TASK -> For the entries that follow, restate word for word the line containing "r0 bottom value=18650", the line containing "150.213,-21.397 r0 top value=2.2uF", and every line that lies between them.

TASK DATA ->
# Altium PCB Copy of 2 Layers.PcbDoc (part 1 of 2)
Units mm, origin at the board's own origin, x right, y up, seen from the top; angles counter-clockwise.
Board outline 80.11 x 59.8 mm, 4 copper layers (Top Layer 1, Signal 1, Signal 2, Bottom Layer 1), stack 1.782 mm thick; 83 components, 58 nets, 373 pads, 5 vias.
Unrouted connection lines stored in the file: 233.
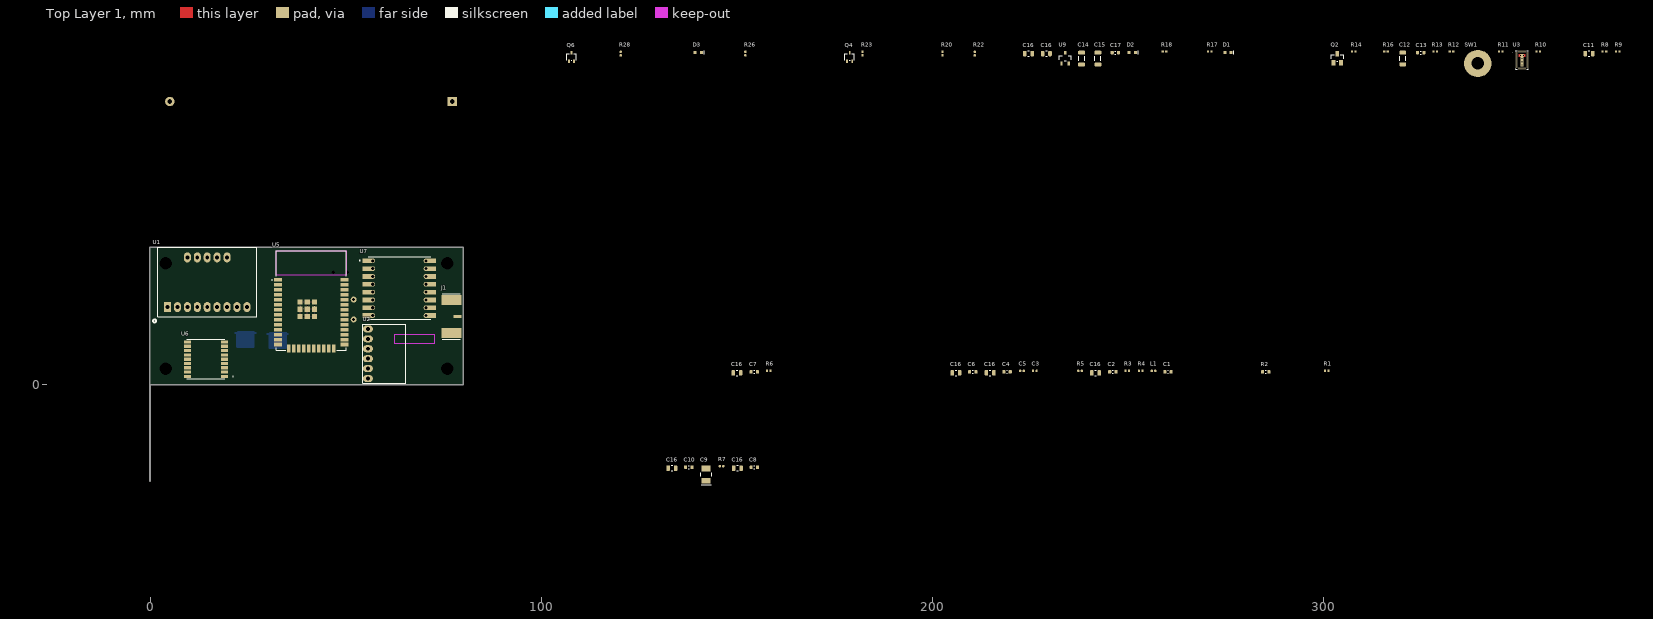
[diagram p0: Top Layer 1 view]
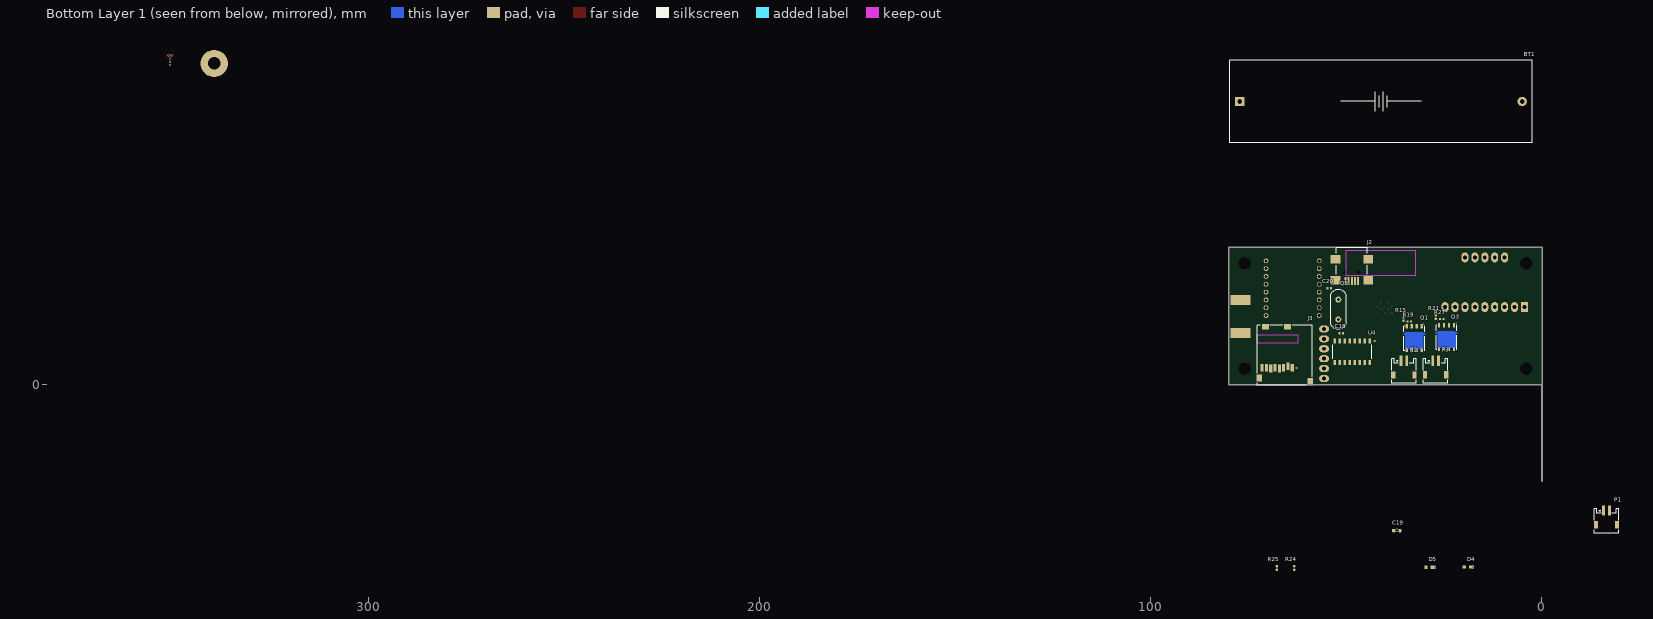
[diagram p1: Bottom Layer 1 view, seen from below]

## Layer stack, top to bottom
Top Solder: solder mask 0.01, Solder Resist, Dk 3.5
Top Layer 1: signal copper 0.035
Dielectric 1: prepreg 0.0711, PP-006, Dk 4.1
Signal 1: signal copper 0.035
Dielectric1: core 1.5, FR-4, Dk 4.8
Signal 2: signal copper 0.035
Dielectric 2: prepreg 0.0711, PP-006, Dk 4.1
Bottom Layer 1: signal copper 0.035
Bottom Solder: solder mask 0.01, Solder Resist, Dk 3.5

## Board outline
-0.05,-24.638 -0.05,35.062 cw(c0,35.062) 0,35.112 80.01,35.112 cw(c80.01,35.062) 80.06,35.062 80.06,0 cw(c80.01,0) 80.01,-0.05 0.05,-0.05 0.05,-24.638 cw(c0,-24.638)

## Design rules (kind name [scope] priority, off if disabled: settings)
AcuteAngle [All] p1: minimum=9.00000000000000E+0001 checktracksonly=TRUE
BoardOutlineClearance BoardOutlineClearance_Overlay [OnLayer('Top Overlay','Bottom Overlay')] p1: gap=0.2 ignorepadtopadclearanceinfootprint=FALSE
BoardOutlineClearance [All] p2: gap=0.5 ignorepadtopadclearanceinfootprint=FALSE
Clearance "Net to Polygon 0.5mm" [InNet('your net here') vs (IsRegion)] p1: gap=0.5 ignorepadtopadclearanceinfootprint=FALSE
Clearance "Poly 0.3mm" [(IsRegion)] p2: gap=0.3 ignorepadtopadclearanceinfootprint=FALSE
Clearance [All] p3: gap=0.25 ignorepadtopadclearanceinfootprint=TRUE
ComponentClearance ComponentClearance_ignore [HasFootprint('NET_TIE_0.5mm')] p1: gap=0 collisioncheckmode=3 verticalgap=0 showdistances=FALSE
ComponentClearance [All] p2: gap=0.2 collisioncheckmode=3 verticalgap=0.2 showdistances=FALSE
DiffPairsRouting [All] p1: maxlimit=0.254 minlimit=0.25 mostfreqgap=0.254 toplayer_maxgap=0.25 toplayer_prefgap=0.25 toplayer_minwidth=0.25 toplayer_maxwidth=0.25 toplayer_prefwidth=0.25 midlayer1_mingap=0.254 midlayer1_minwidth=0.381 midlayer1_maxwidth=0.381 midlayer1_prefwidth=0.381 midlayer2_mingap=0.254 midlayer2_minwidth=0.381 midlayer2_maxwidth=0.381 midlayer2_prefwidth=0.381 bottomlayer_maxgap=0.25 bottomlayer_prefgap=0.25 bottomlayer_minwidth=0.25 bottomlayer_maxwidth=0.25 bottomlayer_prefwidth=0.25 maxuncoupledlength=12.7
FabricationTestPointUsage TestPointUsage [All] p1: valid=0 allowmultiple=FALSE
FabricationTestpoint Testpoint [All] p1: side=3 testpointundercomponent=TRUE minsize=1.016 maxsize=2.54 preferedsize=1.524 minholesize=0 maxholesize=1.016 preferedholesize=0.813 testpointgrid=0.025 allowsidetop=TRUE allowsidebottom=TRUE usegrid=TRUE gridtolerance=0
HoleSize [All] p1: absolutevalues=TRUE maxlimit=6 minlimit=0.25 maxpercent=80.000 minpercent=20.000
HoleToHoleClearance [All] p1: gap=0.3 allowstackedmicrovias=FALSE
MinimumAnnularRing [All] p1: minimumring=0.15
MinimumSolderMaskSliver [All] p1: minsoldermaskwidth=0.15
PasteMaskExpansion PasteMaskExpansion_DNP [IsPad AND HasCompParameterValue('Populated','DNP')] p1: expansion=-5
PasteMaskExpansion [All] p2: expansion=0
PlaneClearance PlaneClearance_pads [IsPad] p1: clearance=0.3
PlaneClearance PlaneClearance_drill [IsObjectKind('Hole')] p2: clearance=0.4
PlaneConnect PlaneConnect_full [IsVia] p1: planeconnectstyle=Direct reliefexpansion=0.5 reliefentries=4 reliefconductorwidth=0.3 reliefairgap=0.3
PlaneConnect [All] p2: planeconnectstyle=Relief reliefexpansion=0.3 reliefentries=4 reliefconductorwidth=0.25 reliefairgap=0.25
PolygonConnect PolygonConnect_0.7 [IsNamedPolygon('0.7mm') vs (InPadClass('All Pads'))] p1: connectstyle=Relief reliefconductorwidth=0.7 reliefentries=4 polygonreliefangle="90 Angle" airgapwidth=0.25
PolygonConnect PolygonConnect_0.5 [IsNamedPolygon('0.5mm') vs (InPadClass('All Pads'))] p2: connectstyle=Relief reliefconductorwidth=0.5 reliefentries=4 polygonreliefangle="90 Angle" airgapwidth=0.25
PolygonConnect PolygonConnect_full [All vs IsVia or IsNamedPolygon('full')] p3: connectstyle=Direct reliefconductorwidth=0 reliefentries=4 polygonreliefangle="90 Angle" airgapwidth=0.254
PolygonConnect [All] p4: connectstyle=Relief reliefconductorwidth=0.3 reliefentries=4 polygonreliefangle="90 Angle" airgapwidth=0.25
RoomDefinition PowerSupply [InComponentClass('PowerSupply')] p1: confinementstyle=ConfineIn formatcopy=TRUE lockcomponents=FALSE outline 106.144,1.844 376.654,1.844 376.654,87.823 106.144,87.823
RoutingCorners [All] p1: cornerstyle=45-Degree minsetback=2.5 maxsetback=2.5
RoutingLayers [All] p1: top layer_v5=TRUE mid layer 1_v5=FALSE mid layer 2_v5=FALSE bottom layer_v5=TRUE
RoutingVias [All] p1: holewidth=0.4 width=0.8 viastyle="Through Hole" minholewidth=0.3 minwidth=0.7 maxholewidth=1.6 maxwidth=2.5
SMDToCorner [All] p1: distance=39370
ShortCircuit [IsNet] p1: allowed=FALSE
SilkToSilkClearance [All] p1: silktosilkclearance=0.15
SilkToSolderMaskClearance SilkscreenOverComponentPads [IsPad] p1: minsilkscreentomaskgap=0.2 clearancetoexposedcopper=TRUE
SolderMaskExpansion SolderMaskExpansion_Component_Via [IsComponentVia] p1: expansion=0.075 istentingtop=FALSE soldermaskfromhole=TRUE
SolderMaskExpansion [All] p2: expansion=0.1 istentingtop=FALSE
UnRoutedNet [All] p1: checkbadconnections=TRUE
ViasUnderSMD [All] p1: allowed=FALSE
Width [All] p1: maxlimit=7 minlimit=0.2 preferedwidth=0.25
14 further rules are at their usual default settings.

## Classes and differential pairs
component class PowerSupply: BT1 C11 C12 C13 C14 C15 C16 C17 C18 C19 C20 D1 D2 D3 D4 D5 J2 P2 P3 Q1 Q2 Q3 Q4 Q5 Q6 R8 R9 R10 R11 R12 R13 R14 R15 R16 R17 R18 R19 R20 R21 R22 R23 R24 R25 R26 R27 R28 SW1 U3 U4 U9

## Components (designator, comment, footprint, x,y, rotation, side; value= is the part's Value field where it differs from the comment)
BT1 "Battery 2 Pin" BAT_HOLDER_18650 41.148,72.39 r0 bottom value=18650
C1 "Capacitor NP" CAP_C_0603 260.322,3.241 r0 top value=0.1uF
C2 "Capacitor NP" CAP_C_0603 246.225,3.241 r0 top value=0.1uF
C3 "Capacitor NP" CAP_C_0402 226.286,3.495 r0 top value=10000pF
C4 "Capacitor NP" CAP_C_0603 219.174,3.241 r0 top value=0.1uF
C5 "Capacitor NP" CAP_C_0402 222.984,3.495 r0 top value=10000pF
C6 "Capacitor NP" CAP_C_0603 210.411,3.241 r0 top value=0.1uF
C7 "Capacitor NP" CAP_C_0603 154.531,3.241 r0 top value=0.1uF
C8 "Capacitor NP" CAP_C_0603 154.531,-21.143 r0 top value=0.1uF
C9 "Capacitor POL" CAP_TANT_B 142.212,-23.048 r90 top value=10uF
C10 "Capacitor NP" CAP_C_0603 137.767,-21.143 r0 top value=0.1uF
C11 "Capacitor NP" CAP_C_0805 368.018,84.648 r0 top value=1.2uF
C12 "Capacitor NP" CAP_C_1206 320.393,83.378 r90 top value=22uF
C13 "Capacitor NP" CAP_C_0603 324.965,84.902 r0 top value=0.1uF
C14 "Capacitor NP" CAP_C_1206 238.224,83.378 r90 top value=22uF
C15 "Capacitor NP" CAP_C_1206 242.415,83.378 r90 top value=22uF
C16 "Capacitor NP" CAP_C_0805 150.086,2.987 r0 top value=2.2uF
C16 "Capacitor NP" CAP_C_0805 150.213,-21.397 r0 top value=2.2uF
C16 "Capacitor NP" CAP_C_0805 241.78,2.987 r0 top value=2.2uF
C16 "Capacitor NP" CAP_C_0805 133.449,-21.397 r0 top value=2.2uF
C16 "Capacitor NP" CAP_C_0805 206.093,2.987 r0 top value=2.2uF
C16 "Capacitor NP" CAP_C_0805 214.856,2.987 r0 top value=2.2uF
C16 "Capacitor NP" CAP_C_0805 224.635,84.648 r0 top value=2.2uF
C16 "Capacitor NP" CAP_C_0805 229.207,84.648 r0 top value=2.2uF
C17 "Capacitor NP" CAP_C_0603 246.86,84.902 r0 top value=0.1uF
C18 "Capacitor NP" CAP_C_0402 51.308,13.081 r0 bottom value=20pF
C19 "Capacitor NP" CAP_C_0603 37.084,-37.338 r180 bottom value=0.1uF
C20 "Capacitor NP" CAP_C_0402 54.356,24.638 r180 bottom value=20pF
D1 "LED_red" LED_0603_RED 275.689,84.902 r0 top value=RED
D2 "LED_red" LED_0603_RED 251.178,84.902 r0 top value=RED
D3 "LED_red" LED_0603_RED 140.18,84.902 r0 top value=RED
D4 "LED_red" LED_0603_RED 19.045,-46.67 r180 bottom value=RED
D5 "LED_red" LED_0603_RED 28.829,-46.736 r180 bottom value=RED
J1 "CON_EDGE_SMA" SMA_EDGEMNT_9.5 77.978,17.399 r90 top value="RF Coaxial Female"
J2 "CON USB2.0 Mini_Micro" CON_USB-B_Mini_SMD_RA_HIR_UX60-MB-5ST 48.613,29.227 r0 bottom value="USB2.0 MINI-B FEMALE"
J3 "MEM2061-01-188-00-A_REVA" GCT_MEM2061-01-188-00-A_REVA 65.786,7.493 r180 bottom
L1 "Inductor" IND_C_0402 256.639,3.495 r0 top value=27nH
P1 "648102131822" 648102131822 -16.522,-34.908 r180 bottom
P2 "648102131822" 648102131822 35.306,3.429 r180 bottom
P3 "648102131822" 648102131822 27.19,3.446 r180 bottom
Q1 "Transistor MOS-N SSSGDDDD" PDFN-8_5x6 32.639,11.738 r0 bottom value=BSC032N04LSATMA1
Q2 "Transistor MOS-N GSD" SOT-23-3 303.629,83.505 r0 top value=2N7002-G
Q3 "Transistor MOS-N SSSGDDDD" PDFN-8_5x6 24.384,11.992 r0 bottom value=BSC032N04LSATMA1
Q4 "Transistor NPN BEC" SOT-323-3 178.915,83.759 r0 top value=BC847W
Q5 "12MHz" THT_Crystal 52.07,19.177 r270 bottom
Q6 "Transistor NPN BEC" SOT-323-3 107.795,83.759 r0 top value=BC847W
R1 "Resistor" RES_C_0402 300.962,3.495 r0 top value=10k
R2 "Resistor" RES_C_0603 285.341,3.241 r0 top value=BLM18EG601SN1D
R3 "Resistor" RES_C_0402 249.908,3.495 r0 top value=2.2k
R4 "Resistor" RES_C_0402 253.337,3.495 r0 top value=2.2k
R5 "Resistor" RES_C_0402 237.843,3.495 r0 top value=10R
R6 "Resistor" RES_C_0402 158.214,3.495 r0 top value=10k
R7 "Resistor" RES_C_0402 146.149,-20.889 r0 top value=10k
R8 "Resistor" RES_C_0402 371.955,85.156 r0 top value=100R
R9 "Resistor" RES_C_0402 375.384,85.156 r0 top value=33k
R10 "Resistor" RES_C_0402 355.064,85.156 r0 top value=10k
R11 "Resistor" RES_C_0402 345.412,85.156 r0 top value=2.2k
R12 "Resistor" RES_C_0402 332.839,85.156 r0 top value=1k
R13 "Resistor" RES_C_0402 328.648,85.156 r0 top value=3.3k
R14 "Resistor" RES_C_0402 307.82,85.156 r0 top value=2.2k
R15 "Resistor" RES_C_0402 35.389,16.764 r90 bottom value=100R
R16 "Resistor" RES_C_0402 316.075,85.156 r0 top value=100k
R17 "Resistor" RES_C_0402 270.99,85.156 r0 top value=33k
R18 "Resistor" RES_C_0402 259.433,85.156 r0 top value=62k
R19 "Resistor" RES_C_0402 33.909,16.129 r0 bottom value=3.3k
R20 "Resistor" RES_C_0402 202.664,84.648 r90 top value=2.2k
R21 "Resistor" RES_C_0402 27.134,17.272 r90 bottom value=100R
R22 "Resistor" RES_C_0402 210.919,84.648 r90 top value=100k
R23 "Resistor" RES_C_0402 182.217,84.648 r90 top value=10k
R24 "Resistor" RES_C_0402 63.345,-46.924 r90 bottom value=2.2k
R25 "Resistor" RES_C_0402 67.79,-46.924 r90 bottom value=2.2k
R26 "Resistor" RES_C_0402 152.245,84.648 r90 top value=62k
R27 "Resistor" RES_C_0402 25.654,16.764 r0 bottom value=3.3k
R28 "Resistor" RES_C_0402 120.368,84.648 r90 top value=10k
SW1 "Srew SW" Screw_SW 339.57,82.108 r0 top
U1 "Adafruit LSM6DSO32" Adafruit_ISM330DHXC 14.605,26.162 r0 top
U2 "BMP280_Modul" BMP280_MODUL 59.944,7.874 r270 top
U3 "MIC33M350 QFN-24" QFN-24_3X4.5_MIC33M350 350.873,82.997 r0 top value=MIC33M350
U4 "CH340G" SOIC127P600X180-16N 48.514,8.382 r270 bottom
U5 "ESP32-WROOM-32" MODULE_ESP32-WROOM-32 41.202,21.487 r0 top
U6 "MAX-M8C-0-10" XCVR_MAX-M8C-0-10 14.275,6.477 r180 top
U7 "RFM98W-433S2" XCVR_RFM98W-433S2 63.754,24.638 r0 top
U9 "MCP170X SOT-23-3_SOT-23A-3" SOT-23A-3 234.033,83.505 r0 top value=MCP1703A/3.3V

## Footprints (in the part's own frame and the unit in brackets; to place one, negate y for a bottom-side part, rotate by r counter-clockwise, add the part's x,y. Pads: shape width x height; smd on the part's side, far side on the other; paste and mask are expansions set on the pad)
648102131822 [mm] "1.50mm SMT Male Horizontal Shrouded Header, 2p"
  rect 0.7x2.6 smd: 1(-0.75,2.65) 2(0.75,2.65)
  rect 1.1x1.9 smd: MP1(-2.7,-1) MP2(2.7,-1)
  silkscreen extent -3.15,-3.13 3.15,3.13, body extent -3.11,-3 3.1,3.47, height 3.74
Adafruit_ISM330DHXC [mm]
  rect 1.8x2.54 hole 1: 1(-10.16,-6.35)
  oval 1.8x2.54 hole 1: 2(-7.62,-6.35) 3(-5.08,-6.35) 4(-2.54,-6.35) 5(0,-6.35) 6(2.54,-6.35) 7(5.08,-6.35) 8(7.62,-6.35) 9(10.16,-6.35) 10(5.08,6.35) 11(2.54,6.35) 12(0,6.35) 13(-2.54,6.35) 14(-5.08,6.35)
  silkscreen extent -13.84,-10.29 12.7,8.89, body extent -12.7,-8.89 12.7,8.89, height 4.85
BAT_HOLDER_18650 [mm]
  rect 2.4x2.4 hole 1.2: 1(36.11,0)
  round 2.4 hole 1.2: 2(-36.11,0)
  rrect50% 0x0 hole 3.45 unplated mask+0.102: BEF(-27.6,-8) BEF(27.6,8)
  rrect50% 0x0 hole 2.39 unplated mask+0.102: BEF(36.11,-8)
  silkscreen extent -38.73,-10.54 38.73,10.54, body extent -38.53,-10.33 38.53,10.32, height 14.86
BMP280_MODUL [mm]
  oval 1.8x2.54 hole 1: 1(-6.35,-4.23) 2(-3.81,-4.23) 3(-1.27,-4.23) 4(1.27,-4.23) 5(3.81,-4.23) 6(6.35,-4.23)
  silkscreen extent -7.5,-5.5 7.5,5.5, body extent -7.49,-5.72 7.75,5.28, height 6.27
CAP_C_0402 [mm] "Chip Capacitor, 2-Leads, Body 1.0x0.5mm, IPC High Density"
  rrect50% 0.55x0.6 smd: 1(-0.45,0) 2(0.45,0)
  body extent -0.5,-0.3 0.5,0.3, height 0.2
CAP_C_0603 [mm] "Chip Capacitor, 2-Leads, Body 1.6x0.8mm, IPC Medium Density"
  rrect50% 0.8x0.9 smd: 1(-0.8,0) 2(0.8,0)
  silkscreen extent -0.1,-0.38 0.1,0.38, body extent -0.8,-0.4 0.8,0.4, height 0.65
CAP_C_0805 [mm] "Chip Capacitor, 2-Leads, Body 2.0x1.3mm, IPC Medium Density"
  rrect50% 0.9x1.4 smd: 1(-0.95,0) 2(0.95,0)
  silkscreen extent -0.2,-0.7 0.2,0.7, body extent -1,-0.62 1,0.63, height 0.78
CAP_C_1206 [mm] "Chip Capacitor, 2-Leads, Body 3.2x1.6mm, IPC Medium Density"
  rrect50% 1x1.75 smd: 1(-1.5,0) 2(1.5,0)
  silkscreen extent -0.6,-0.77 0.6,0.77, body extent -1.6,-0.8 1.6,0.8, height 1
CAP_TANT_B [mm] "Molded Capacitor, 2-Leads, Body 3.5x2.8mm, IPC Medium Density"
  rect 1.5x2.25 smd: 1(-1.575,0) 2(1.575,0)
  silkscreen extent -2.63,-1.4 0.43,1.4, body extent -1.84,-1.4 1.85,1.42, height 2.09
CON_USB-B_Mini_SMD_RA_HIR_UX60-MB-5ST [mm] "USB Mini B Metal Shield SMT R/A Type With Positioning Post"
  rect 2.5x2.2 smd: 0(-4.2,-2.775) 0(-4.2,2.525) 0(4.2,-2.775) 0(4.2,2.525)
  rect 0.5x2 smd: 1(-1.6,2.775) 2(-0.8,2.775) 3(0,2.775) 4(0.8,2.775) 5(1.6,2.775)
  round 0 hole 0.9 unplated: MH(-1.75,0.525) MH(1.75,0.525)
  silkscreen extent -4,-5.75 4,1, body extent -4.95,-5.85 4.95,3.15, height 4.6
GCT_MEM2061-01-188-00-A_REVA [mm]
  rect 0.8x2 smd: 1(1.94,-3.225) 2(0.84,-2.825) 3(-0.26,-3.225) 4(-1.36,-3.425) 5(-2.46,-3.225) 6(-3.56,-3.425) 7(-4.66,-3.225) 8(-5.76,-3.225)
  rect 1.8x1.4 smd: 9(-4.95,7.325) 10(0.75,7.325)
  rect 1.4x1.9 smd: 11(-6.55,-5.825) 12(6.6,-6.825)
  Keep-Out Layer region: 3.37,3.1 -7.011,3.1 -7.011,5.175 3.37,5.175
  silkscreen extent -7,-7.73 7,7.73
IND_C_0402 [mm]
  rrect50% 0.55x0.6 smd: 1(-0.45,0) 2(0.45,0)
  body extent -0.5,-0.3 0.5,0.3, height 0.49
LED_0603_RED [mm] "LED chip 0603"
  rect 0.8x0.8 smd: 1(-0.8,0) 2(0.8,0)
  silkscreen extent 1.5,-0.4 1.5,0.4, body extent -0.81,-0.4 0.81,0.4, height 0.6
MODULE_ESP32-WROOM-32 [mm]
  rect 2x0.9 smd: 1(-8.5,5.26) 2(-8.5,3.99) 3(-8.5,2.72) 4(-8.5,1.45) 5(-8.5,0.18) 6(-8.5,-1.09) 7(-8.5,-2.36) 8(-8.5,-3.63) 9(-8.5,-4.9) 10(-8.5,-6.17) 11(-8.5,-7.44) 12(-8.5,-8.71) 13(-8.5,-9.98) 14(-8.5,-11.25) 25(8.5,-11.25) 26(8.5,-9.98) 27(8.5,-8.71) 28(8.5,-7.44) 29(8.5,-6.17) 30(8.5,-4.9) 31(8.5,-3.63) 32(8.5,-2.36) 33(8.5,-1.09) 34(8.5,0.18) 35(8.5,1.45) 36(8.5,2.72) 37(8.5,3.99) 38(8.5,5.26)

EXERCISE SOLUTION ->
BT1 "Battery 2 Pin" BAT_HOLDER_18650 41.148,72.39 r0 bottom value=18650
C1 "Capacitor NP" CAP_C_0603 260.322,3.241 r0 top value=0.1uF
C2 "Capacitor NP" CAP_C_0603 246.225,3.241 r0 top value=0.1uF
C3 "Capacitor NP" CAP_C_0402 226.286,3.495 r0 top value=10000pF
C4 "Capacitor NP" CAP_C_0603 219.174,3.241 r0 top value=0.1uF
C5 "Capacitor NP" CAP_C_0402 222.984,3.495 r0 top value=10000pF
C6 "Capacitor NP" CAP_C_0603 210.411,3.241 r0 top value=0.1uF
C7 "Capacitor NP" CAP_C_0603 154.531,3.241 r0 top value=0.1uF
C8 "Capacitor NP" CAP_C_0603 154.531,-21.143 r0 top value=0.1uF
C9 "Capacitor POL" CAP_TANT_B 142.212,-23.048 r90 top value=10uF
C10 "Capacitor NP" CAP_C_0603 137.767,-21.143 r0 top value=0.1uF
C11 "Capacitor NP" CAP_C_0805 368.018,84.648 r0 top value=1.2uF
C12 "Capacitor NP" CAP_C_1206 320.393,83.378 r90 top value=22uF
C13 "Capacitor NP" CAP_C_0603 324.965,84.902 r0 top value=0.1uF
C14 "Capacitor NP" CAP_C_1206 238.224,83.378 r90 top value=22uF
C15 "Capacitor NP" CAP_C_1206 242.415,83.378 r90 top value=22uF
C16 "Capacitor NP" CAP_C_0805 150.086,2.987 r0 top value=2.2uF
C16 "Capacitor NP" CAP_C_0805 150.213,-21.397 r0 top value=2.2uF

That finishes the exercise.